Try pinging www.t-mobile.com and running a trace route to the site. 

If you can ping the site, Verizon is not blocking it with DNS. See what your response times are a well.

Start, Run, type cmd then enter, type tracert www.t-mobile.com > C:\trace.txt, then enter.

Wait about 30 seconds for the command prompt to return.

Go to your C drive and look for a file called trace.txt

Start, Run, type cmd, then enter, type ping www.t-mobile.com > C:\ping.txt, then enter.

Go to your C drive and look for a file called ping.txt

Start, Run, type cmd, then enter, type ipconfig /all > C:\ipconfig.txt, then enter.
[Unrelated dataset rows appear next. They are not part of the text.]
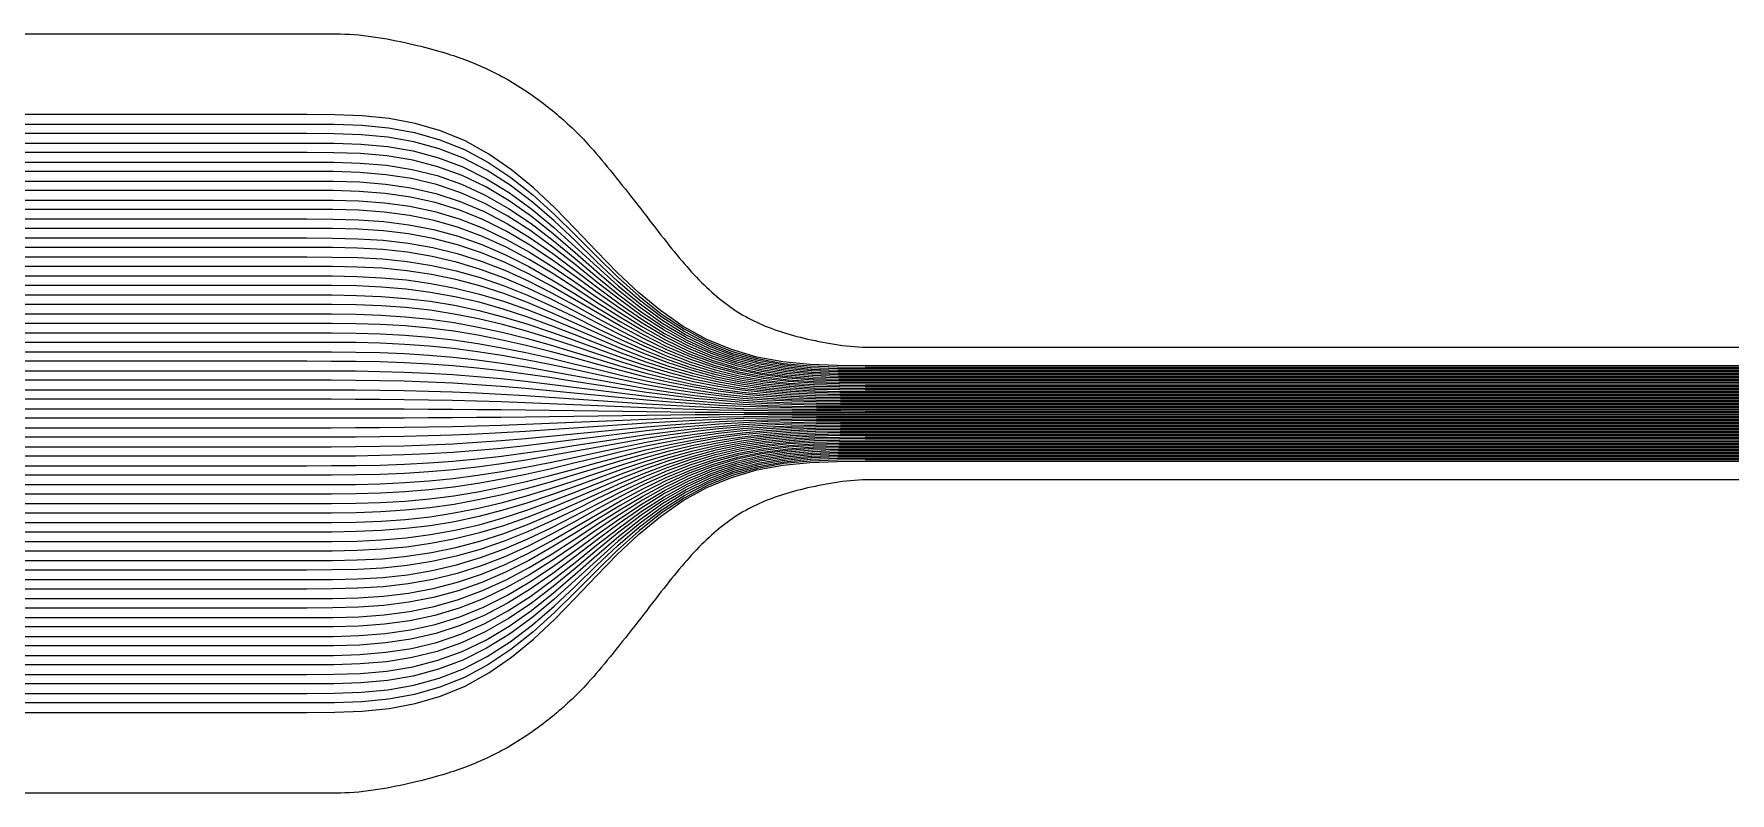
# Model space of a CAD drawing. Header units: millimetres. Extents: x 0 to 17.9, y 0 to 7.6.
# Drawn here: x 8.945 to 13.418, y 2.825 to 4.825 of the extents above; entities that cross this region are included whole.
import ezdxf

# ---------------------------------------------------------------- set-up
doc = ezdxf.new("R2010")
doc.units = ezdxf.units.MM
doc.header["$MEASUREMENT"] = 0
doc.layers.add('Insulation', color=112, linetype='Continuous')
doc.layers.add('Metal', color=52, linetype='Continuous')

msp = doc.modelspace()

# ---------------------------------------------------------------- linework, layer by layer
at = {"layer": 'Insulation'}
for points in [[(8.798, 4.825), (9.7534, 4.825), (9.7652, 4.8248), (9.7772, 4.8243), (9.7895, 4.8235), (9.8019, 4.8224), (9.8143, 4.8211), (9.8268, 4.8195), (9.8393, 4.8178), (9.8517, 4.8159), (9.864, 4.8138), (9.8762, 4.8117), (9.8882, 4.8095), (9.9, 4.8071), (9.9116, 4.8048), (9.9229, 4.8023), (9.9339, 4.7999), (9.9447, 4.7974), (9.9552, 4.7949), (9.9654, 4.7924), (9.9752, 4.7899), (9.9848, 4.7874), (9.994, 4.7849), (10.003, 4.7825), (10.0117, 4.78), (10.02, 4.7776), (10.0282, 4.7752), (10.0361, 4.7727), (10.0438, 4.7703), (10.0513, 4.7679), (10.0586, 4.7654), (10.0658, 4.7629), (10.073, 4.7604), (10.08, 4.7578), (10.087, 4.7551), (10.094, 4.7524), (10.1009, 4.7496), (10.1079, 4.7468), (10.1148, 4.7438), (10.1218, 4.7408), (10.1288, 4.7377), (10.1358, 4.7345), (10.1429, 4.7312), (10.15, 4.7278), (10.1571, 4.7244), (10.1642, 4.7208), (10.1714, 4.7171), (10.1785, 4.7133), (10.1857, 4.7094), (10.1928, 4.7055), (10.1999, 4.7014), (10.207, 4.6973), (10.214, 4.693), (10.221, 4.6887), (10.228, 4.6843), (10.2349, 4.6799), (10.2417, 4.6753), (10.2485, 4.6708), (10.2552, 4.6661), (10.2619, 4.6614), (10.2684, 4.6567), (10.2749, 4.652), (10.2813, 4.6472), (10.2876, 4.6425), (10.2938, 4.6377), (10.3, 4.6329), (10.306, 4.6281), (10.312, 4.6233), (10.3179, 4.6185), (10.3237, 4.6136), (10.3295, 4.6088), (10.3353, 4.6038), (10.341, 4.5988), (10.3467, 4.5937), (10.3524, 4.5886), (10.3581, 4.5833), (10.3639, 4.5778), (10.3697, 4.5722), (10.3756, 4.5664), (10.3816, 4.5604), (10.3877, 4.5541), (10.3939, 4.5475), (10.4002, 4.5407), (10.4067, 4.5336), (10.4134, 4.5262), (10.4202, 4.5184), (10.4272, 4.5104), (10.4344, 4.5021), (10.4417, 4.4934), (10.4492, 4.4845), (10.4568, 4.4753), (10.4645, 4.4659), (10.4724, 4.4562), (10.4803, 4.4463), (10.4884, 4.4363), (10.4965, 4.4261), (10.5046, 4.4158), (10.5128, 4.4054), (10.5209, 4.395), (10.5291, 4.3846), (10.5371, 4.3742), (10.5451, 4.3639), (10.5531, 4.3537), (10.5609, 4.3436), (10.5686, 4.3336), (10.5763, 4.3238), (10.5838, 4.3141), (10.5912, 4.3046), (10.5985, 4.2952), (10.6056, 4.2861), (10.6127, 4.2771), (10.6196, 4.2684), (10.6265, 4.2598), (10.6333, 4.2514), (10.64, 4.2432), (10.6466, 4.2352), (10.6532, 4.2274), (10.6597, 4.2198), (10.6662, 4.2123), (10.6727, 4.2049), (10.6792, 4.1978), (10.6857, 4.1907), (10.6922, 4.1838), (10.6987, 4.1771), (10.7053, 4.1705), (10.7119, 4.164), (10.7185, 4.1577), (10.7251, 4.1515), (10.7318, 4.1455), (10.7385, 4.1396), (10.7452, 4.1338), (10.752, 4.1282), (10.7589, 4.1227), (10.7657, 4.1174), (10.7726, 4.1122), (10.7796, 4.1072), (10.7865, 4.1023), (10.7935, 4.0976), (10.8006, 4.093), (10.8076, 4.0886), (10.8147, 4.0844), (10.8219, 4.0803), (10.8291, 4.0763), (10.8363, 4.0725), (10.8436, 4.0689), (10.851, 4.0653), (10.8584, 4.0619), (10.8659, 4.0587), (10.8735, 4.0555), (10.8813, 4.0524), (10.8891, 4.0495), (10.8971, 4.0466), (10.9051, 4.0438), (10.9134, 4.0411), (10.9218, 4.0384), (10.9303, 4.0358), (10.9391, 4.0332), (10.948, 4.0307), (10.957, 4.0283), (10.9662, 4.0259), (10.9756, 4.0235), (10.9852, 4.0212), (10.9949, 4.019), (11.0047, 4.0169), (11.0147, 4.0148), (11.0249, 4.0128), (11.0351, 4.0109), (11.0455, 4.009), (11.0559, 4.0074), (11.0664, 4.0058), (11.0769, 4.0044), (11.0875, 4.0031), (11.0981, 4.0021), (11.1087, 4.0012), (11.1192, 4.0005), (11.1296, 4.0001), (11.14, 4), (16.6523, 4)], [(16.6523, 3.65), (11.14, 3.65), (11.1296, 3.6499), (11.1192, 3.6495), (11.1087, 3.6488), (11.0981, 3.6479), (11.0875, 3.6469), (11.0769, 3.6456), (11.0664, 3.6442), (11.0559, 3.6426), (11.0455, 3.641), (11.0351, 3.6391), (11.0249, 3.6372), (11.0147, 3.6352), (11.0047, 3.6331), (10.9949, 3.631), (10.9852, 3.6288), (10.9756, 3.6265), (10.9662, 3.6241), (10.957, 3.6217), (10.948, 3.6193), (10.9391, 3.6168), (10.9303, 3.6142), (10.9218, 3.6116), (10.9134, 3.6089), (10.9051, 3.6062), (10.8971, 3.6034), (10.8891, 3.6005), (10.8813, 3.5976), (10.8735, 3.5945), (10.8659, 3.5913), (10.8584, 3.5881), (10.851, 3.5847), (10.8436, 3.5811), (10.8363, 3.5775), (10.8291, 3.5737), (10.8219, 3.5697), (10.8147, 3.5656), (10.8076, 3.5614), (10.8006, 3.557), (10.7935, 3.5524), (10.7865, 3.5477), (10.7796, 3.5428), (10.7726, 3.5378), (10.7657, 3.5326), (10.7589, 3.5273), (10.752, 3.5218), (10.7452, 3.5162), (10.7385, 3.5104), (10.7318, 3.5045), (10.7251, 3.4985), (10.7185, 3.4923), (10.7119, 3.486), (10.7053, 3.4795), (10.6987, 3.4729), (10.6922, 3.4662), (10.6857, 3.4593), (10.6792, 3.4522), (10.6727, 3.4451), (10.6662, 3.4377), (10.6597, 3.4302), (10.6532, 3.4226), (10.6466, 3.4148), (10.64, 3.4068), (10.6333, 3.3986), (10.6265, 3.3902), (10.6196, 3.3816), (10.6127, 3.3729), (10.6056, 3.3639), (10.5985, 3.3548), (10.5912, 3.3454), (10.5838, 3.3359), (10.5763, 3.3262), (10.5686, 3.3164), (10.5609, 3.3064), (10.5531, 3.2963), (10.5451, 3.2861), (10.5371, 3.2758), (10.5291, 3.2654), (10.5209, 3.255), (10.5128, 3.2446), (10.5046, 3.2342), (10.4965, 3.2239), (10.4884, 3.2137), (10.4803, 3.2037), (10.4724, 3.1938), (10.4645, 3.1841), (10.4568, 3.1747), (10.4492, 3.1655), (10.4417, 3.1566), (10.4344, 3.1479), (10.4272, 3.1396), (10.4202, 3.1316), (10.4134, 3.1238), (10.4067, 3.1164), (10.4002, 3.1093), (10.3939, 3.1025), (10.3877, 3.0959), (10.3816, 3.0896), (10.3756, 3.0836), (10.3697, 3.0778), (10.3639, 3.0722), (10.3581, 3.0667), (10.3524, 3.0614), (10.3467, 3.0563), (10.341, 3.0512), (10.3353, 3.0462), (10.3295, 3.0412), (10.3237, 3.0364), (10.3179, 3.0315), (10.312, 3.0267), (10.306, 3.0219), (10.3, 3.0171), (10.2938, 3.0123), (10.2876, 3.0075), (10.2813, 3.0028), (10.2749, 2.998), (10.2684, 2.9933), (10.2619, 2.9886), (10.2552, 2.9839), (10.2485, 2.9792), (10.2417, 2.9747), (10.2349, 2.9701), (10.228, 2.9657), (10.221, 2.9613), (10.214, 2.957), (10.207, 2.9527), (10.1999, 2.9486), (10.1928, 2.9445), (10.1857, 2.9406), (10.1785, 2.9367), (10.1714, 2.9329), (10.1642, 2.9292), (10.1571, 2.9256), (10.15, 2.9222), (10.1429, 2.9188), (10.1358, 2.9155), (10.1288, 2.9123), (10.1218, 2.9092), (10.1148, 2.9062), (10.1079, 2.9032), (10.1009, 2.9004), (10.094, 2.8976), (10.087, 2.8949), (10.08, 2.8922), (10.073, 2.8896), (10.0658, 2.8871), (10.0586, 2.8846), (10.0513, 2.8821), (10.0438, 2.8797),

Go to your C drive and look for a file called ipconfig.txt

Copy these files and post it back here for review and comment.

JamesO


----------



## vikx (Mar 4, 2006)

Vikx here. Thank you so much. Have been working too many hours and just got back. Will try the ping this evening. Have an almost new Hp laptop running XP, 512mb, 100GB hard drive, AMD athlon 64 processor 3200+ with power now! technology (whatever that means) 54g 802.11b/g wireless lan with 125 HSM/speedbooster support. Can't find the sound card, but will hunt around. (Does Broadcom 802.11 WLAN make sense?) I am close to Seattle and t-mobile is the only site I cannot access. The others come up quickly and completely. I think my DSl line is probably slow-it says 54, but the lines are really old. Had nothing but trouble with my Sony Vaio laptop; constant dial-up disconnects. With DSL, the Sony is using a wireless adapter (linksys) now and it also cannot access t-mobile. Will try the ethernet cable and bypass the wireless just to check. Need to ask a favor: copy the files? and post here? Not sure how to move the files from one to the other. Sorry-I'm not a total dummy, just almost....learn quick, tho.


----------



## vikx (Mar 4, 2006)

From vikx, March 5, West Coast: "ping request could not find host www.t-mobile. Please check the name and try again"


----------



## JamesO (Mar 30, 2005)

Broadcomm wireless adapter sounds correct. HP uses both the Broadcomm and Intel 2100/2200 adapters in their current line up.

Make sure you pinged www.t-mobile.com and not just www.t-mobile

Also try pinging www.tmobile.com as well just to see what happens. 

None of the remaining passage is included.